Carbamazepine may counteract the effects of non-depolarizing muscle relaxants (for example, pancuronium). In the case of the use of such a combination of drugs, it may be necessary to increase the dose of these muscle relaxants; Careful monitoring of patients should be carried out.perhaps a faster than expected cessation of muscle relaxants.

Symptoms:
Central nervous system - depression of the functions of the central nervous system; disorientation, drowsiness, agitation, hallucinations, coma; blurred vision, slurred speech, dysarthria, nystagmus, ataxia, dyskinesia, hyperreflexia (first), hyporeflexia (later); convulsions, psychomotor disorders, myoclonus, hypothermia, mydriasis.

Respiratory system - respiratory depression, pulmonary edema. Cardiovascular system Tachycardia, arterial hypotension; sometimes - hypertension, disturbances of conductivity with expansion of the QRS complex; cardiac arrest, syncope. GIT Vomiting, delayed passage of food from the stomach, decreased colon motility. Urinary system Urinary retention, oliguria or anuria; fluid retention; dilution hyponatremia due to the effect of carbamazepine, similar to the effect of antidiuretic hormone.

Changes in laboratory parameters - hyponatremia, possible metabolic acidosis, possible hyperglycemia, increased muscle fraction creatininephosphokinase.

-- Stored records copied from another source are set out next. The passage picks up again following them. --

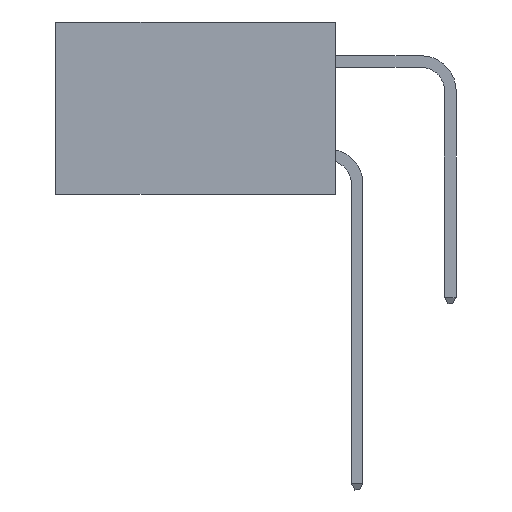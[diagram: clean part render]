
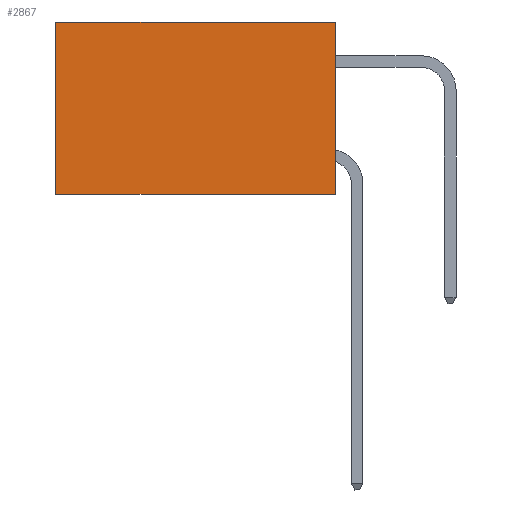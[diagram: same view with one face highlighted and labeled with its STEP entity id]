
A CAD part, left-side view. The second image highlights one B-rep face of the part: STEP entity #2867.
In plain terms, the highlighted planar face has unit normal (-1, 0, 0).
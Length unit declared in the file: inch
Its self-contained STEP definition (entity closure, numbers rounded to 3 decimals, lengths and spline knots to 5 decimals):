
#976 = CARTESIAN_POINT ( 'NONE',  ( 0.2875, 0., 0. ) ) ;
#2619 = ORIENTED_EDGE ( 'NONE', *, *, #4099, .F. ) ;
#2768 = VECTOR ( 'NONE', #22272, 39.37008 ) ;
#2867 = ADVANCED_FACE ( 'NONE', ( #4473 ), #9022, .F. ) ;
#2884 = VERTEX_POINT ( 'NONE', #23638 ) ;
#4099 = EDGE_CURVE ( 'NONE', #21313, #5288, #29951, .T. ) ;
#4473 = FACE_OUTER_BOUND ( 'NONE', #28256, .T. ) ;
#5288 = VERTEX_POINT ( 'NONE', #22092 ) ;
#6084 = EDGE_CURVE ( 'NONE', #2884, #21247, #15145, .T. ) ;
#6386 = ORIENTED_EDGE ( 'NONE', *, *, #6084, .T. ) ;
#7131 = CARTESIAN_POINT ( 'NONE',  ( 0.2875, 0.6, 0. ) ) ;
#8222 = CARTESIAN_POINT ( 'NONE',  ( 0.2875, 0., -0.37 ) ) ;
#8501 = VECTOR ( 'NONE', #25651, 39.37008 ) ;
#9022 = PLANE ( 'NONE',  #27146 ) ;
#11804 = ORIENTED_EDGE ( 'NONE', *, *, #16488, .T. ) ;
#12021 = CARTESIAN_POINT ( 'NONE',  ( 0.2875, 0., -0.37 ) ) ;
#12188 = ORIENTED_EDGE ( 'NONE', *, *, #19280, .F. ) ;
#12262 = DIRECTION ( 'NONE',  ( 0., 0., -1. ) ) ;
#12535 = LINE ( 'NONE', #14516, #28708 ) ;
#13447 = VECTOR ( 'NONE', #23278, 39.37008 ) ;
#14516 = CARTESIAN_POINT ( 'NONE',  ( 0.2875, 0., 0. ) ) ;
#15145 = LINE ( 'NONE', #976, #2768 ) ;
#16166 = DIRECTION ( 'NONE',  ( 1., 0., 0. ) ) ;
#16488 = EDGE_CURVE ( 'NONE', #21247, #5288, #23590, .T. ) ;
#19280 = EDGE_CURVE ( 'NONE', #2884, #21313, #12535, .T. ) ;
#20746 = CARTESIAN_POINT ( 'NONE',  ( 0.2875, 0.6, 0. ) ) ;
#21247 = VERTEX_POINT ( 'NONE', #7131 ) ;
#21313 = VERTEX_POINT ( 'NONE', #12021 ) ;
#22092 = CARTESIAN_POINT ( 'NONE',  ( 0.2875, 0.6, -0.37 ) ) ;
#22272 = DIRECTION ( 'NONE',  ( 0., 1., 0. ) ) ;
#23278 = DIRECTION ( 'NONE',  ( 0., 0., -1. ) ) ;
#23332 = DIRECTION ( 'NONE',  ( 0., 0., -1. ) ) ;
#23590 = LINE ( 'NONE', #20746, #13447 ) ;
#23638 = CARTESIAN_POINT ( 'NONE',  ( 0.2875, 0., 0. ) ) ;
#25651 = DIRECTION ( 'NONE',  ( 0., 1., 0. ) ) ;
#27146 = AXIS2_PLACEMENT_3D ( 'NONE', #30791, #16166, #23332 ) ;
#28256 = EDGE_LOOP ( 'NONE', ( #11804, #2619, #12188, #6386 ) ) ;
#28708 = VECTOR ( 'NONE', #12262, 39.37008 ) ;
#29951 = LINE ( 'NONE', #8222, #8501 ) ;
#30791 = CARTESIAN_POINT ( 'NONE',  ( 0.2875, 0., 0. ) ) ;

Special recommendations: with the development of arterial hypotension, iv administration of dopamine or dobutamine is indicated; with the development of cardiac arrhythmias, treatment is selected individually; with the development of seizures - the introduction of anticonvulsants, with the development of hyponatremia (water intoxication) - restriction of fluid intake, which may help prevent the development of cerebral edema. It is recommended to conduct hemosorption on coal sorbents. The ineffectiveness of forced diuresis, hemodialysis, and peritoneal dialysis has been reported. It is necessary to anticipate the possibility of re-amplification of symptoms of overdose on the second and third day after its onset, due to the slow absorption of the drug.

The drug should be stored at a temperature not higher than 25 ° C; protect from moisture.